**WHAT YOU HAVE TO DO:** Give back exactly the lines of the material below, starting with the line with "circle A0 centre (-27.5, 0) radius 1.5" and going on through the line with "circle A5 centre".

┌──

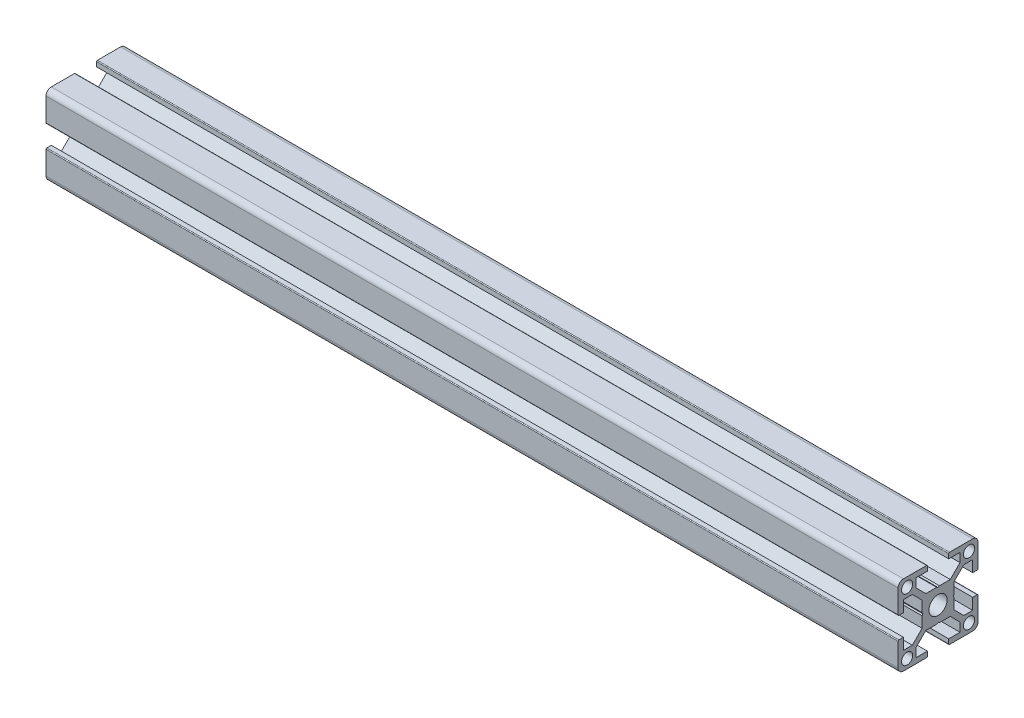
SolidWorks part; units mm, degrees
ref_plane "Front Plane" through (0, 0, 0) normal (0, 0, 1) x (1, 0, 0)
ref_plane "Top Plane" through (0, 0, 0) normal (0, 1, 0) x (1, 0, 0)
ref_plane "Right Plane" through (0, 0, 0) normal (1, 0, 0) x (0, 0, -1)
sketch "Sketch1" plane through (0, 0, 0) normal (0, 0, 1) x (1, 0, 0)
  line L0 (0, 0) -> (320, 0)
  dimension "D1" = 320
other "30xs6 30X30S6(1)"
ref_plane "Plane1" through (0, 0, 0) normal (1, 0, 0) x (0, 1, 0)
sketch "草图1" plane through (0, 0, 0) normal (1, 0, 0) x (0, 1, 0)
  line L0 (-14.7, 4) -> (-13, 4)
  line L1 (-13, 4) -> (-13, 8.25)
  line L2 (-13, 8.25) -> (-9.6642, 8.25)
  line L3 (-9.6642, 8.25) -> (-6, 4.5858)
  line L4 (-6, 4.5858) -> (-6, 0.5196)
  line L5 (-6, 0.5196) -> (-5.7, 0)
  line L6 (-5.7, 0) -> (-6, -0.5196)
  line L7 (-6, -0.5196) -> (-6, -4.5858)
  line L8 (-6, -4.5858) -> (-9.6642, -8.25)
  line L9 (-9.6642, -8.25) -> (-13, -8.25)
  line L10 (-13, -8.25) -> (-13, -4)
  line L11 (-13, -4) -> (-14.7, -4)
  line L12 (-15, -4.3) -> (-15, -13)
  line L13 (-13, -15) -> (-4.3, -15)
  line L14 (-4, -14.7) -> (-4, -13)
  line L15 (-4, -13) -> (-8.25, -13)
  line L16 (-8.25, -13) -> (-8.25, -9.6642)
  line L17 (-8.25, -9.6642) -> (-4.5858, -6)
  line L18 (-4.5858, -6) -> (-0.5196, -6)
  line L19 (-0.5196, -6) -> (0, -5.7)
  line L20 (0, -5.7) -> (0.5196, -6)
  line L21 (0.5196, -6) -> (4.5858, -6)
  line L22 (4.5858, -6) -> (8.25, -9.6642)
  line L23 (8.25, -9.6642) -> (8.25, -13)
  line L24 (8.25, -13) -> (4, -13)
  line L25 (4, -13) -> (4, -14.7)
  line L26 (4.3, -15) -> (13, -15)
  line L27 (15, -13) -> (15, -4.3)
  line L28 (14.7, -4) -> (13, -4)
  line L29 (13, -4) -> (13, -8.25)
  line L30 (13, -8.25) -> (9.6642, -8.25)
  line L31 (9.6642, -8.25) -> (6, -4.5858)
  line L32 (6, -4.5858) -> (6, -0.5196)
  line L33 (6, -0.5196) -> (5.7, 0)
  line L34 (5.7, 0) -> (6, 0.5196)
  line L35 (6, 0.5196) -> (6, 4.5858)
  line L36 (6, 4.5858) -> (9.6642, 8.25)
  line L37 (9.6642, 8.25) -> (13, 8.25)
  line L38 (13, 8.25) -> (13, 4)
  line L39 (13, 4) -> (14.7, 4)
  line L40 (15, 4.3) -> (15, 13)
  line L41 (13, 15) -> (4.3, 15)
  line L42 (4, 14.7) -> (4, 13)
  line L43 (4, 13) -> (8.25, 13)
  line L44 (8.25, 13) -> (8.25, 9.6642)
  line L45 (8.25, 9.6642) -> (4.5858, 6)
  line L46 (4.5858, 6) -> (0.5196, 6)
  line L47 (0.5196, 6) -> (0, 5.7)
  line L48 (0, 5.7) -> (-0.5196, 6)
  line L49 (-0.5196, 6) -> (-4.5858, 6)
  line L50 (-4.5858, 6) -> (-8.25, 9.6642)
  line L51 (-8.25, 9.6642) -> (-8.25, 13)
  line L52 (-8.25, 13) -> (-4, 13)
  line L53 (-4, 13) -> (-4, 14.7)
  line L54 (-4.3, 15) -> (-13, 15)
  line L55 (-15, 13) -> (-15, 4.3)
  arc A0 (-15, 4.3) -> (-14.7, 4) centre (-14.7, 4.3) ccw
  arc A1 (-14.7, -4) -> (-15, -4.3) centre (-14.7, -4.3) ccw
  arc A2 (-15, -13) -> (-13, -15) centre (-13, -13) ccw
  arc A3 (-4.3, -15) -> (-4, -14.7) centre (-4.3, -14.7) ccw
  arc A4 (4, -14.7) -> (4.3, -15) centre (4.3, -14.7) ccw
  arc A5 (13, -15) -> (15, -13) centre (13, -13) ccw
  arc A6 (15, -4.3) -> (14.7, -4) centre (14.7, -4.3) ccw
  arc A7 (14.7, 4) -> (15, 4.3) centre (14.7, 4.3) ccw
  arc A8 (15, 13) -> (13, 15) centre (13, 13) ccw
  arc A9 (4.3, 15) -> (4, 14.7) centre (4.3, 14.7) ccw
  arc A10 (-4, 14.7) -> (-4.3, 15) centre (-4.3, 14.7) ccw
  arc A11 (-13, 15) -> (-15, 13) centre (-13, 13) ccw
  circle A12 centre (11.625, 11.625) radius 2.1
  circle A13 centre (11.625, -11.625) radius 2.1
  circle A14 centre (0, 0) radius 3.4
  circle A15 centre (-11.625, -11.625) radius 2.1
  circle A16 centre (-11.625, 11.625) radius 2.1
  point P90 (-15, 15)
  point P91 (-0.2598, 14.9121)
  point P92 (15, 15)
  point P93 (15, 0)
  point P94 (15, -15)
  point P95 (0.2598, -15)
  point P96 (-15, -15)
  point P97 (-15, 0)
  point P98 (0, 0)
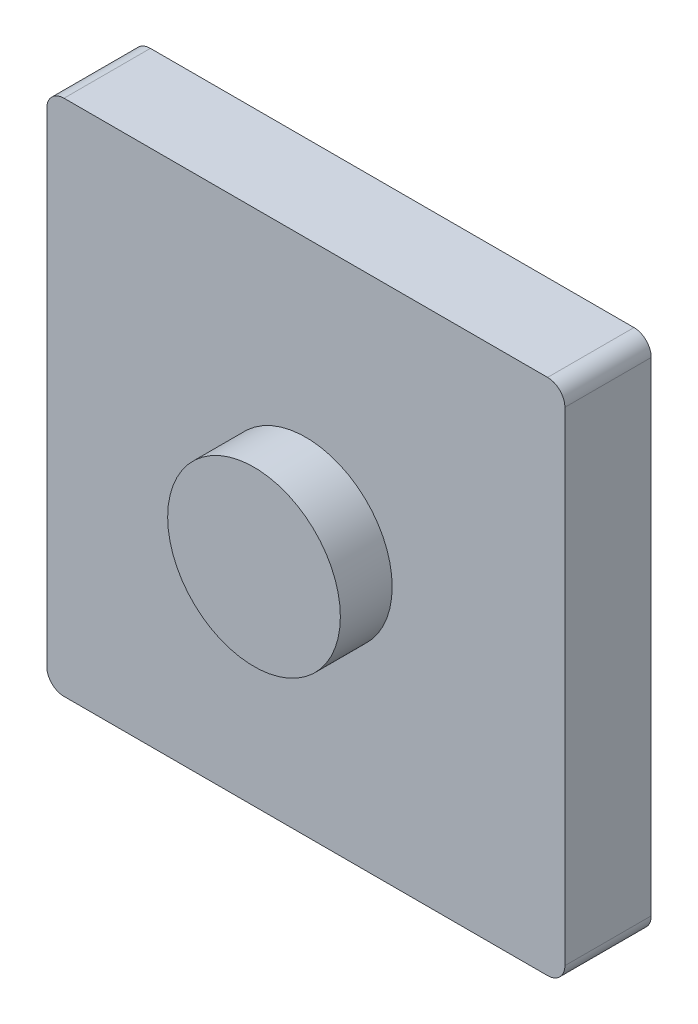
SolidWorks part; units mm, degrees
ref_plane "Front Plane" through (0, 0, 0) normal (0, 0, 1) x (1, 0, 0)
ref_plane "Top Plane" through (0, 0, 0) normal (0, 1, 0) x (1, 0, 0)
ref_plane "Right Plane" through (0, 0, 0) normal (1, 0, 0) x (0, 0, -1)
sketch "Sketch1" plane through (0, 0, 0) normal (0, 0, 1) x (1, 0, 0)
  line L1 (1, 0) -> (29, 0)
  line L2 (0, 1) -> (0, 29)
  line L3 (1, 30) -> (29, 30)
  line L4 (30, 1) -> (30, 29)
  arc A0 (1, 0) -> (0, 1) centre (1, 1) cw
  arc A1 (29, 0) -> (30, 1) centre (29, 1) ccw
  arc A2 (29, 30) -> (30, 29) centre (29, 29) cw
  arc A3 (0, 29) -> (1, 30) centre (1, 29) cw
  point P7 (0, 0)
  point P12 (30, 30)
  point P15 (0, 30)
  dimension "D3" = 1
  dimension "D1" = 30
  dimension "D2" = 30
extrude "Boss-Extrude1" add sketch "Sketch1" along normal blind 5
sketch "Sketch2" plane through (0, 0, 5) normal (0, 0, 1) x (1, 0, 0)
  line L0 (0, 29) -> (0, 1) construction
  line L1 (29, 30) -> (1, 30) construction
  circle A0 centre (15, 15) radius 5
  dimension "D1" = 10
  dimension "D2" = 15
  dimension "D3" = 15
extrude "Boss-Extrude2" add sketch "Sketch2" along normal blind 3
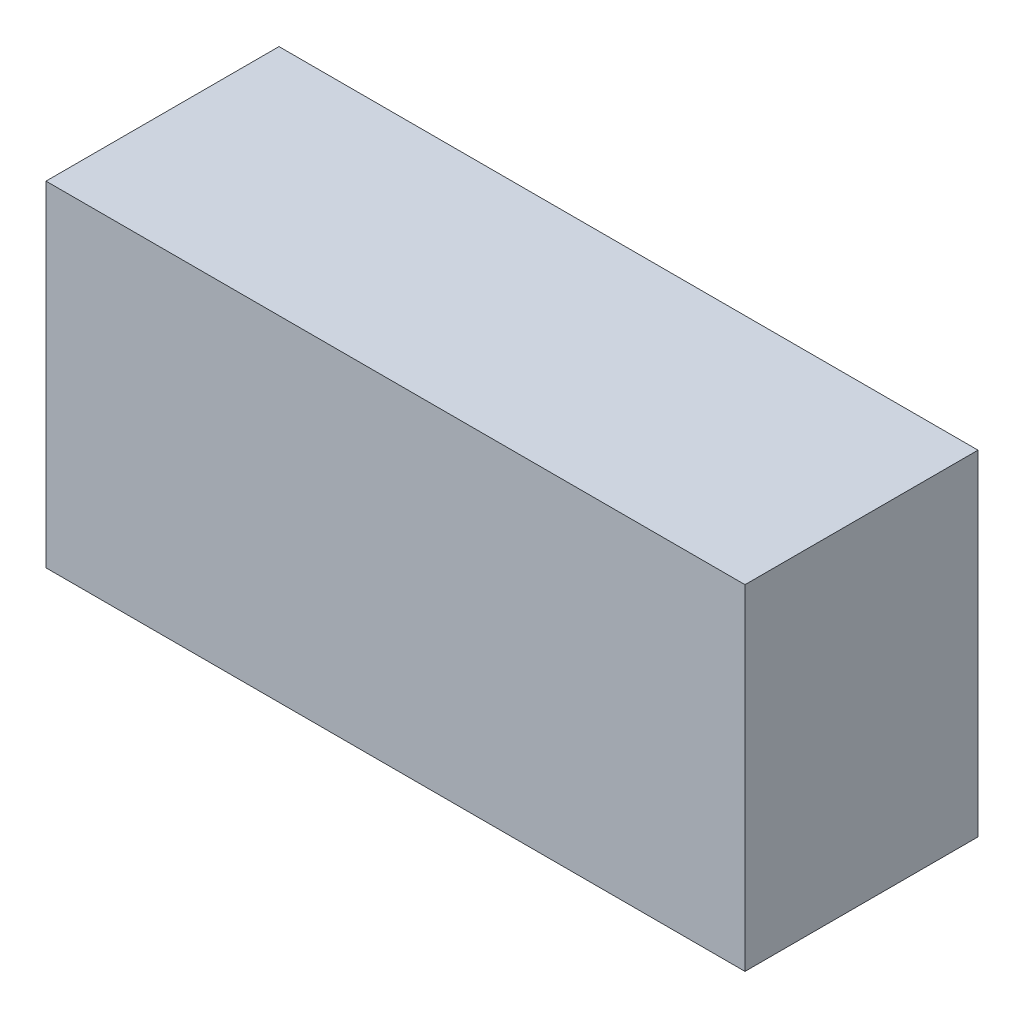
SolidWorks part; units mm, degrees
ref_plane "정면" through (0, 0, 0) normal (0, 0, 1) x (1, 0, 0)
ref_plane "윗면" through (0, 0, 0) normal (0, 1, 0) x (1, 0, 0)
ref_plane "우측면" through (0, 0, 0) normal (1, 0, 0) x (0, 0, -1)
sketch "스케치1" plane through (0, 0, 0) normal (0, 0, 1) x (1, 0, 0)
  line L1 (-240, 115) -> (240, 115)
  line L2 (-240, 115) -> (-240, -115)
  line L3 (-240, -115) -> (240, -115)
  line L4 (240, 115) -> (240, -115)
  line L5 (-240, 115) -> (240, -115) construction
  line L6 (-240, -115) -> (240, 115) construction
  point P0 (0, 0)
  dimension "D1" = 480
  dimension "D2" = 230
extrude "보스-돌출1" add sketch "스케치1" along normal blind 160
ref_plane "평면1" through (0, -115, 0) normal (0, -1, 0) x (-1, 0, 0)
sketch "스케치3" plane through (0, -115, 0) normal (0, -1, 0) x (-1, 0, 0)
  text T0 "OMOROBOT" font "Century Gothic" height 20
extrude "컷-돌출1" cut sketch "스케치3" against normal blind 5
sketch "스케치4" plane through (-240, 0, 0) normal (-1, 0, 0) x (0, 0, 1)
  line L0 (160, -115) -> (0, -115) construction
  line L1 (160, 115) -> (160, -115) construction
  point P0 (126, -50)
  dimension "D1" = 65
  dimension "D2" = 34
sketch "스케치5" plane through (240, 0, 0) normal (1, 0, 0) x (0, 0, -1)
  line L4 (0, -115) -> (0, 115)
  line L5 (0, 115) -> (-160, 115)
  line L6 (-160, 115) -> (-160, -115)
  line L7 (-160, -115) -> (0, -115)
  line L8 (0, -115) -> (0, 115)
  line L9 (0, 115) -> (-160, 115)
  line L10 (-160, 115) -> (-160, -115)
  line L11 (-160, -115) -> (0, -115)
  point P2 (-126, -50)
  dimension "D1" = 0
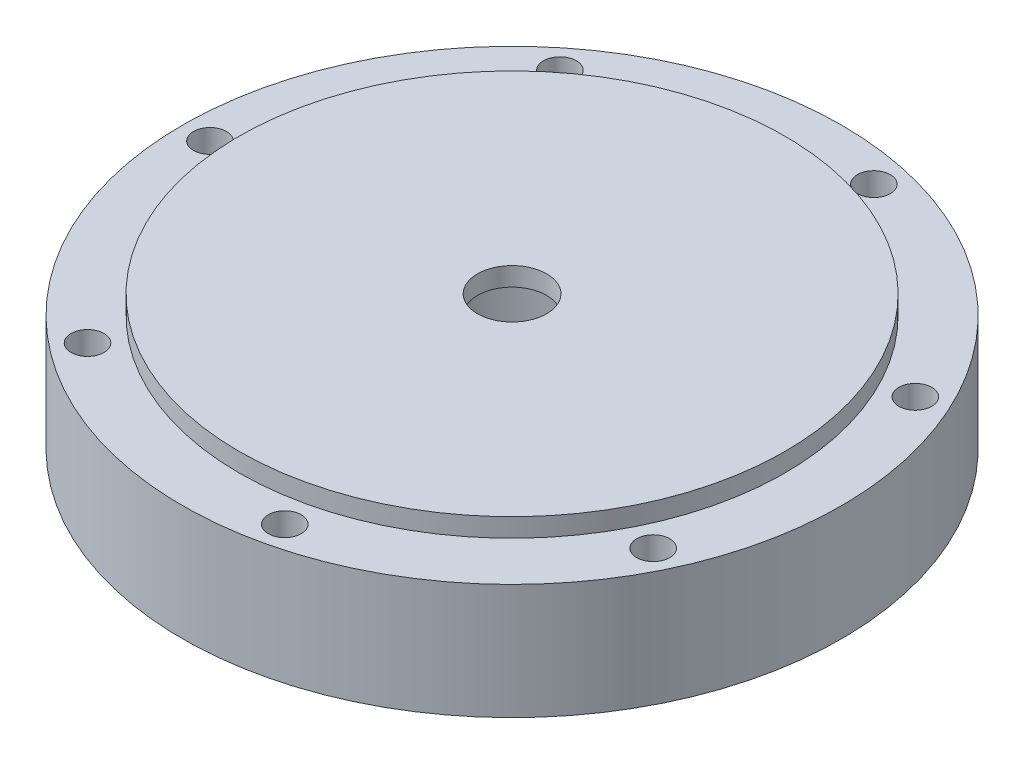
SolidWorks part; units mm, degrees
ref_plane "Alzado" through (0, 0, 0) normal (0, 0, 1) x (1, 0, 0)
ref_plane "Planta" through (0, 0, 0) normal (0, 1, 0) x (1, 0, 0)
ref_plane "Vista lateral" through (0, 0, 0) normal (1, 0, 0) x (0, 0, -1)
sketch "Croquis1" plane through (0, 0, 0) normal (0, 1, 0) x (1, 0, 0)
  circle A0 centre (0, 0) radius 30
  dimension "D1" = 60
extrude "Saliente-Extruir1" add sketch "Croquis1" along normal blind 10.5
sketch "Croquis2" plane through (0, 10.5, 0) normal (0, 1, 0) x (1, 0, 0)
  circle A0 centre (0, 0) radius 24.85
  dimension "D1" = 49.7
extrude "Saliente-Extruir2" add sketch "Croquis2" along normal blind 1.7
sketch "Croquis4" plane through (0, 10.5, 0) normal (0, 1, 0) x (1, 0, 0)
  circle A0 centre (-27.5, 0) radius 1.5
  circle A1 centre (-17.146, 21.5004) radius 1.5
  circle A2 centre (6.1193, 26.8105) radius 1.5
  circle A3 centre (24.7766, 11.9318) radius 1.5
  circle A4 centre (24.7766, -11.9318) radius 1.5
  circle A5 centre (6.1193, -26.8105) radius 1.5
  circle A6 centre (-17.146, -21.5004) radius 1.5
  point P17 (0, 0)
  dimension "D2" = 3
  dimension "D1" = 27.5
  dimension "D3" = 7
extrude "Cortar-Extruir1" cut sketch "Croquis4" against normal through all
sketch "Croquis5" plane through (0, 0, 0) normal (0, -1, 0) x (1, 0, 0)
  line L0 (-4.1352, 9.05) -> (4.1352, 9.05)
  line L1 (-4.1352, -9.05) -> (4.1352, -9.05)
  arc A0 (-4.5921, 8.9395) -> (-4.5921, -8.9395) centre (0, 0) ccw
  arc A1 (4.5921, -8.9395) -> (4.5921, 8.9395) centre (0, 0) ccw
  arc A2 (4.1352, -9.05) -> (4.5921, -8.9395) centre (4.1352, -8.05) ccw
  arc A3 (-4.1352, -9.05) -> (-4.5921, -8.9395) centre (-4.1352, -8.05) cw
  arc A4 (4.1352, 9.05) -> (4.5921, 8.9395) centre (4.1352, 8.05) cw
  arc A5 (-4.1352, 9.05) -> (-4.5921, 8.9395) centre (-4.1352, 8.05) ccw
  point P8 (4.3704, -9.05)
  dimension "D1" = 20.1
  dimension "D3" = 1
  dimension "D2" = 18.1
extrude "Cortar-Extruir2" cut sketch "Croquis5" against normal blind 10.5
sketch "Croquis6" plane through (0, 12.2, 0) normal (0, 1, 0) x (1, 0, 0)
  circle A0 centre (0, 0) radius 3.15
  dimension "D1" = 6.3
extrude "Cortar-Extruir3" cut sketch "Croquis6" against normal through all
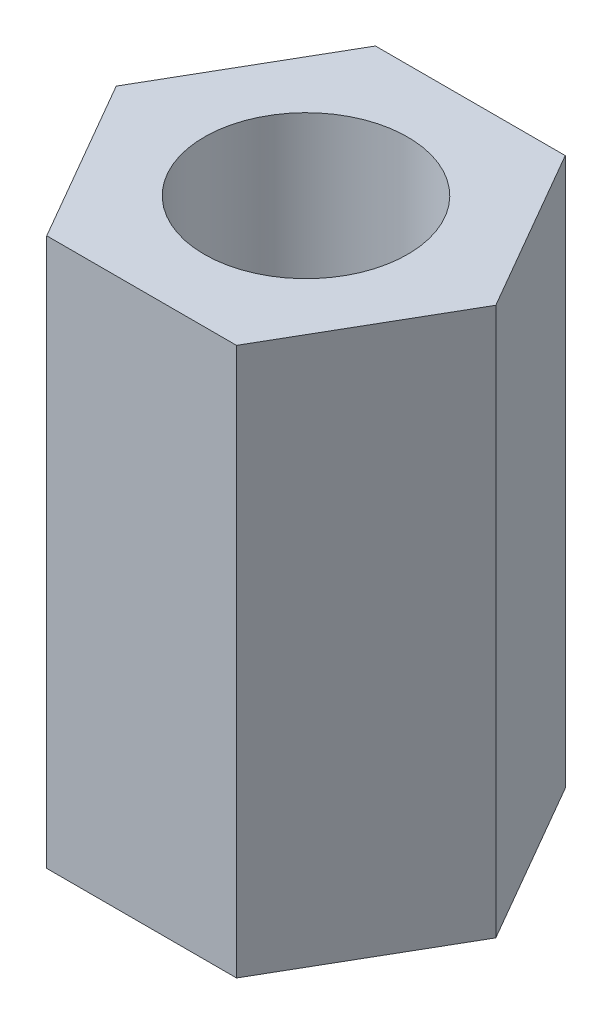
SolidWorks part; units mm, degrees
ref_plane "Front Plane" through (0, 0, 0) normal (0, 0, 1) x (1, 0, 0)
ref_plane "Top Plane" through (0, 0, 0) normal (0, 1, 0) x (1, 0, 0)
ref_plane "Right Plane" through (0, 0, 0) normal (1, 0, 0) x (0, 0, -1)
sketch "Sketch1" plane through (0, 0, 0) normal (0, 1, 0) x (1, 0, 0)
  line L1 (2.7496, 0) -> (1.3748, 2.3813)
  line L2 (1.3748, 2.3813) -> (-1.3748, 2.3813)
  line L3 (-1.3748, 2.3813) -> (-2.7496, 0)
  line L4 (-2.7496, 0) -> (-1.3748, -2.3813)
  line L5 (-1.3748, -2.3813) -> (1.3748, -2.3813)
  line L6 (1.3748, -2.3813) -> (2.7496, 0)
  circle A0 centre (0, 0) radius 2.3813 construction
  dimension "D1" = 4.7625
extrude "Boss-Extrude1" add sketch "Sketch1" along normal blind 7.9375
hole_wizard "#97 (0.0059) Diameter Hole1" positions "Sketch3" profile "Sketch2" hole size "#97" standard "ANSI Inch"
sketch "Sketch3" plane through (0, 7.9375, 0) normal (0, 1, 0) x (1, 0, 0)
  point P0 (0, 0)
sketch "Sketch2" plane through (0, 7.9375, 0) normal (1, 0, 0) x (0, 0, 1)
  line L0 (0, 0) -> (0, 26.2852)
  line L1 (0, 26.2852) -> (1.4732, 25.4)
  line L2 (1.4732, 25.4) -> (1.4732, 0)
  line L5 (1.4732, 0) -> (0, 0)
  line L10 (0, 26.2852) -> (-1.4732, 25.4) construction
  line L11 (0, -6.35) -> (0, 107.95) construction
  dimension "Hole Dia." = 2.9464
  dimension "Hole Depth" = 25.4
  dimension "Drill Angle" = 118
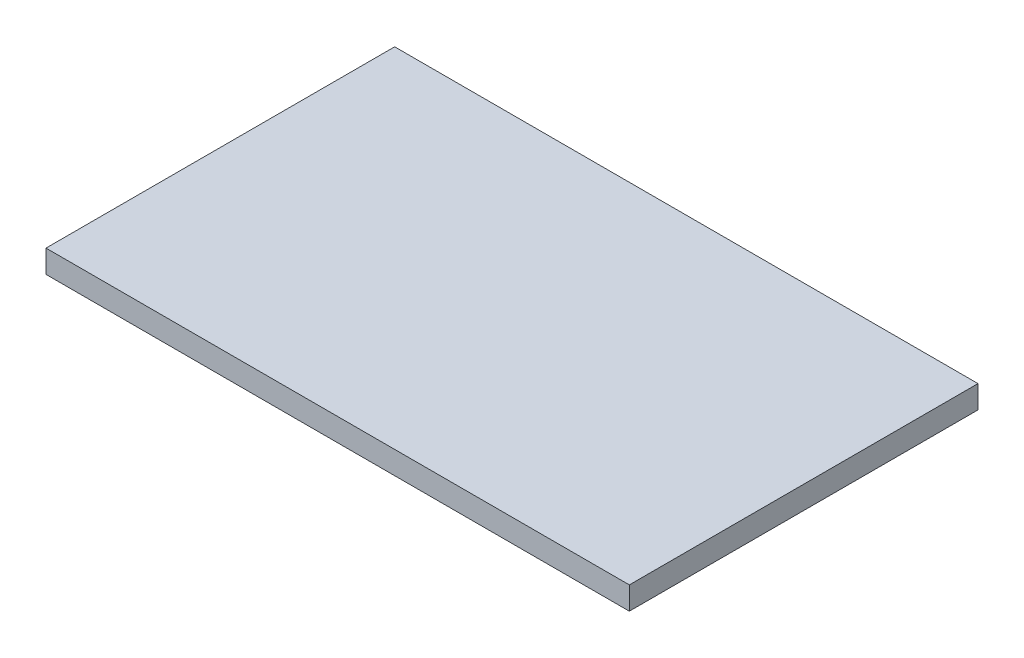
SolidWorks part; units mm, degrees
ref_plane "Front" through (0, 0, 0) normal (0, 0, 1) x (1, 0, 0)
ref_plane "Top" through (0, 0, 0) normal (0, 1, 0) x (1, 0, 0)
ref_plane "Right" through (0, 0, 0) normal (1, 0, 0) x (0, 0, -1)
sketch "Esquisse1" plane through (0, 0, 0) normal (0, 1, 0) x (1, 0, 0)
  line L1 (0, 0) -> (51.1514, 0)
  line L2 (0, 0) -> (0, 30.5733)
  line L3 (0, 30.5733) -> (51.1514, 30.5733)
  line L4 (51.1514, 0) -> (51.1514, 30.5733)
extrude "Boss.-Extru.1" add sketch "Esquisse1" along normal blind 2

└──

**SOLUTION TO THIS TASK:**
  circle A0 centre (-27.5, 0) radius 1.5
  circle A1 centre (-17.146, 21.5004) radius 1.5
  circle A2 centre (6.1193, 26.8105) radius 1.5
  circle A3 centre (24.7766, 11.9318) radius 1.5
  circle A4 centre (24.7766, -11.9318) radius 1.5
  circle A5 centre (6.1193, -26.8105) radius 1.5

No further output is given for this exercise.